[Collected data entries]
____
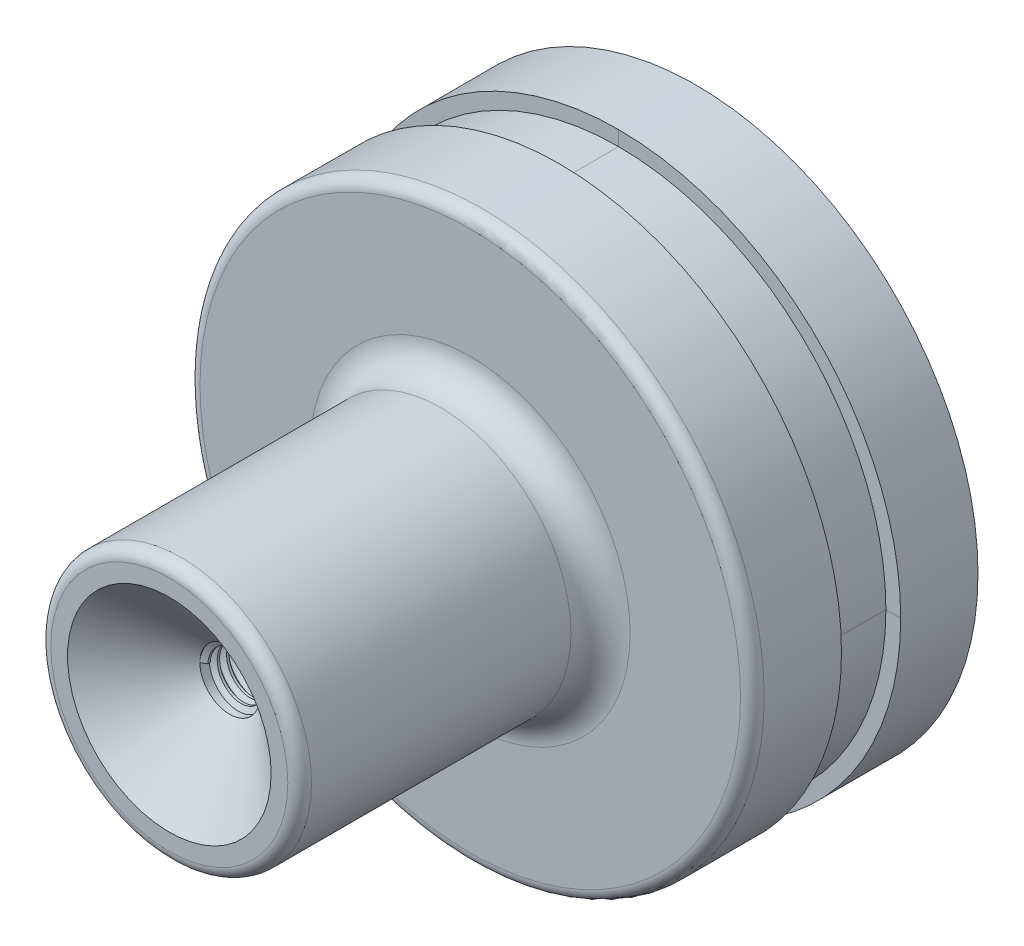
from build123d import *

# Parameters (mm, degrees)
SKETCH1_R                                           = 47.625
BOSS_EXTRUDE1_DEPTH                                 = 88.9
SKETCH2_OUTSIDE_W                                   = 129.528
SKETCH2_OUTSIDE_H                                   = 129.528
SKETCH2_OUTSIDE_R                                   = 22
CUT_EXTRUDE2_DEPTH                                  = 50.8
CSK_FOR_3_8_FLAT_HEAD_MACHINE_SCREW_100_D           = 10.0838
CSK_FOR_3_8_FLAT_HEAD_MACHINE_SCREW_100_DEPTH       = 25
CSK_FOR_3_8_FLAT_HEAD_MACHINE_SCREW_100_CSINK_D     = 34.3708482
CSK_FOR_3_8_FLAT_HEAD_MACHINE_SCREW_100_CSINK_ANGLE = 100
CSK_FOR_3_8_FLAT_HEAD_MACHINE_SCREW_100_TIP         = 3.029479155
THREAD1_PITCH                                       = 1.5875
FILLET1_R                                           = 2
FILLET2_R                                           = 5
SKETCH15_R                                          = 40.8125
CUT_EXTRUDE3_DEPTH                                  = 15
SKETCH19_W                                          = 10
SKETCH19_H                                          = 5
SCALE1_SCALE                                        = 0.49
SCALE2_SCALE                                        = 0.894
SCALE3_SCALE                                        = 0.8184


with BuildPart() as part:
    # Sketch1 → Boss-Extrude1 (new body)
    with BuildSketch(Plane.XY):
        Circle(SKETCH1_R)
    extrude(amount=BOSS_EXTRUDE1_DEPTH)

    # Sketch2 outside → Cut-Extrude2 (cut)
    with BuildSketch(Plane.XY.offset(88.9)):
        Rectangle(SKETCH2_OUTSIDE_W, SKETCH2_OUTSIDE_H)
        Circle(SKETCH2_OUTSIDE_R, mode=Mode.SUBTRACT)
    extrude(amount=-CUT_EXTRUDE2_DEPTH, mode=Mode.SUBTRACT)

    # CSK for 3/8 Flat Head Machine Screw (100)1
    with Locations(Plane.XY.offset(88.9)):
        with Locations((0, 0)):
            CounterSinkHole(CSK_FOR_3_8_FLAT_HEAD_MACHINE_SCREW_100_D / 2, CSK_FOR_3_8_FLAT_HEAD_MACHINE_SCREW_100_CSINK_D / 2, depth=CSK_FOR_3_8_FLAT_HEAD_MACHINE_SCREW_100_DEPTH, counter_sink_angle=CSK_FOR_3_8_FLAT_HEAD_MACHINE_SCREW_100_CSINK_ANGLE)
            with Locations((0, 0, -(CSK_FOR_3_8_FLAT_HEAD_MACHINE_SCREW_100_DEPTH + CSK_FOR_3_8_FLAT_HEAD_MACHINE_SCREW_100_TIP / 2))):  # 118° drill point
                Cone(0, CSK_FOR_3_8_FLAT_HEAD_MACHINE_SCREW_100_D / 2, CSK_FOR_3_8_FLAT_HEAD_MACHINE_SCREW_100_TIP, mode=Mode.SUBTRACT)

    # Thread1: the profile of Thread Profile1 profile screwed along a right-hand helix of 10.07874 turns, 8 arcs to a turn; built about Z, then put on its axis
    thread1_z = Axis((0, 0, 0), (0, 0, 1))
    thread1_corners = [(5.0422, 0, -0.000173206), (5.0422, 0, 1.3892357), (4.182640423, 0, 0.892968747), (4.182640423, 0, 0.496093747)]
    with BuildLine(mode=Mode.PRIVATE) as thread1_profile:
        Line(thread1_corners[0], thread1_corners[1])
        Line(thread1_corners[1], thread1_corners[2])
        Line(thread1_corners[2], thread1_corners[3])
        Line(thread1_corners[3], thread1_corners[0])
    thread1_cap = Face(thread1_profile.wire())
    thread1_turn_angles = [0, 22.5, 45, 67.5, 90, 112.5, 135, 157.5, 180, 202.5, 225, 247.5, 270, 292.5, 315, 337.5, 360]
    thread1_turn_weights = [1, 0.9238795325112867, 1, 0.9238795325112867, 1, 0.9238795325112867, 1, 0.9238795325112867, 1, 0.9238795325112867, 1, 0.9238795325112867, 1, 0.9238795325112867, 1, 0.9238795325112867, 1]
    thread1_turn_rails = [Edge.make_bspline([Vector(p[0], p[1], 0).rotate(thread1_z, thread1_turn_angles[k]) / thread1_turn_weights[k] + Vector(0, 0, p[2] + THREAD1_PITCH * thread1_turn_angles[k] / 360) for k in range(17)], [0, 0, 0, 1, 1, 2, 2, 3, 3, 4, 4, 5, 5, 6, 6, 7, 7, 8, 8, 8], 2, thread1_turn_weights) for p in thread1_corners]
    thread1_turn_sides = [Face.make_surface_from_curves(thread1_turn_rails[p[0]], thread1_turn_rails[p[1]]) for p in [(0, 1), (1, 2), (2, 3), (3, 0)]]
    thread1_last_angles = [3600, 3614.173228346, 3628.346456693]
    thread1_last_weights = [1, 0.9695598647982457, 1]
    thread1_last_rails = [Edge.make_bspline([Vector(p[0], p[1], 0).rotate(thread1_z, thread1_last_angles[k]) / thread1_last_weights[k] + Vector(0, 0, p[2] + THREAD1_PITCH * thread1_last_angles[k] / 360) for k in range(3)], [0, 0, 0, 1, 1, 1], 2, thread1_last_weights) for p in thread1_corners]
    thread1_last_sides = [Face.make_surface_from_curves(thread1_last_rails[p[0]], thread1_last_rails[p[1]]) for p in [(0, 1), (1, 2), (2, 3), (3, 0)]]
    thread1 = Plane(origin=(0, 0, 78.710373406), x_dir=(-1, 0, 0), z_dir=(0, 0, -1)) * Solid(Shell([*[p.moved(Location((0, 0, THREAD1_PITCH * i))) for i in range(10) for p in thread1_turn_sides], *thread1_last_sides, thread1_cap, thread1_cap.rotate(thread1_z, 3628.346456693).moved(Location((0, 0, THREAD1_PITCH * 3628.346456693 / 360)))]))
    add(thread1)

    # Fillet1
    fillet1_edges = [part.edges().sort_by_distance(p)[0] for p in [
        (-22, 0, 88.9),
        (-47.625, 0, 38.1),
    ]]
    fillet(fillet1_edges, radius=FILLET1_R)

    # Fillet2
    fillet2_edges = [part.edges().sort_by_distance(p)[0] for p in [
        (-22, 0, 38.1),
    ]]
    fillet(fillet2_edges, radius=FILLET2_R)

    # Sketch15 → Cut-Extrude3 (cut)
    with BuildSketch(Plane(origin=(0, 0, 0), x_dir=(-1, 0, 0), z_dir=(0, 0, -1))):
        Circle(SKETCH15_R)
    extrude(amount=-CUT_EXTRUDE3_DEPTH, mode=Mode.SUBTRACT)

    # Cut-Sweep1: sweep along a curve in space
    with BuildLine() as cut_sweep1_path:
        ThreePointArc((47.625, 0, 36.1), (33.675960454, 33.675960454, 36.1), (0, 47.625, 36.1))
        ThreePointArc((0, 47.625, 36.1), (-33.675960454, 33.675960454, 36.1), (-47.625, 0, 36.1))
        ThreePointArc((-47.625, 0, 36.1), (-33.675960454, -33.675960454, 36.1), (0, -47.625, 36.1))
        ThreePointArc((0, -47.625, 36.1), (33.675960454, -33.675960454, 36.1), (47.625, 0, 36.1))
    # Sketch19 → Cut-Sweep1 (sweep, cut)
    with BuildSketch(Plane(origin=(0, 0, 0), x_dir=(0, 0, -1), z_dir=(1, 0, 0))):
        with Locations((-18.05, 47.625)):
            Rectangle(SKETCH19_W, SKETCH19_H)
    sweep(path=cut_sweep1_path.line, mode=Mode.SUBTRACT)


with BuildPart() as part_1:
    # Scale1: scaled about (-2.5512e-05, 4.3724e-05, 34.582455786)
    add(part.part.scale(SCALE1_SCALE).moved(Location((-1.3011e-05, 2.2299e-05, 17.637052451))))


with BuildPart() as part_2:
    # Scale2: scaled about (-2.5512e-05, 4.3724e-05, 34.582455786)
    add(part_1.part.scale(SCALE2_SCALE).moved(Location((-2.704e-06, 4.635e-06, 3.665740313))))


with BuildPart() as part_3:
    # Scale3: scaled about (-2.5512e-05, 4.3724e-05, 34.582455786)
    add(part_2.part.scale(SCALE3_SCALE).moved(Location((-4.633e-06, 7.94e-06, 6.280173971))))


solid = part_3.part
____
### Task objective
Working from the data above, extract solely the lines from the one containing "thread1_last_weights) for p in thread1_corners]" through the one containing "(0, 47.625, 36.1))", exactly as they appear, both included.

### Expected answer
    thread1_last_rails = [Edge.make_bspline([Vector(p[0], p[1], 0).rotate(thread1_z, thread1_last_angles[k]) / thread1_last_weights[k] + Vector(0, 0, p[2] + THREAD1_PITCH * thread1_last_angles[k] / 360) for k in range(3)], [0, 0, 0, 1, 1, 1], 2, thread1_last_weights) for p in thread1_corners]
    thread1_last_sides = [Face.make_surface_from_curves(thread1_last_rails[p[0]], thread1_last_rails[p[1]]) for p in [(0, 1), (1, 2), (2, 3), (3, 0)]]
    thread1 = Plane(origin=(0, 0, 78.710373406), x_dir=(-1, 0, 0), z_dir=(0, 0, -1)) * Solid(Shell([*[p.moved(Location((0, 0, THREAD1_PITCH * i))) for i in range(10) for p in thread1_turn_sides], *thread1_last_sides, thread1_cap, thread1_cap.rotate(thread1_z, 3628.346456693).moved(Location((0, 0, THREAD1_PITCH * 3628.346456693 / 360)))]))
    add(thread1)

    # Fillet1
    fillet1_edges = [part.edges().sort_by_distance(p)[0] for p in [
        (-22, 0, 88.9),
        (-47.625, 0, 38.1),
    ]]
    fillet(fillet1_edges, radius=FILLET1_R)

    # Fillet2
    fillet2_edges = [part.edges().sort_by_distance(p)[0] for p in [
        (-22, 0, 38.1),
    ]]
    fillet(fillet2_edges, radius=FILLET2_R)

    # Sketch15 → Cut-Extrude3 (cut)
    with BuildSketch(Plane(origin=(0, 0, 0), x_dir=(-1, 0, 0), z_dir=(0, 0, -1))):
        Circle(SKETCH15_R)
    extrude(amount=-CUT_EXTRUDE3_DEPTH, mode=Mode.SUBTRACT)

    # Cut-Sweep1: sweep along a curve in space
    with BuildLine() as cut_sweep1_path:
        ThreePointArc((47.625, 0, 36.1), (33.675960454, 33.675960454, 36.1), (0, 47.625, 36.1))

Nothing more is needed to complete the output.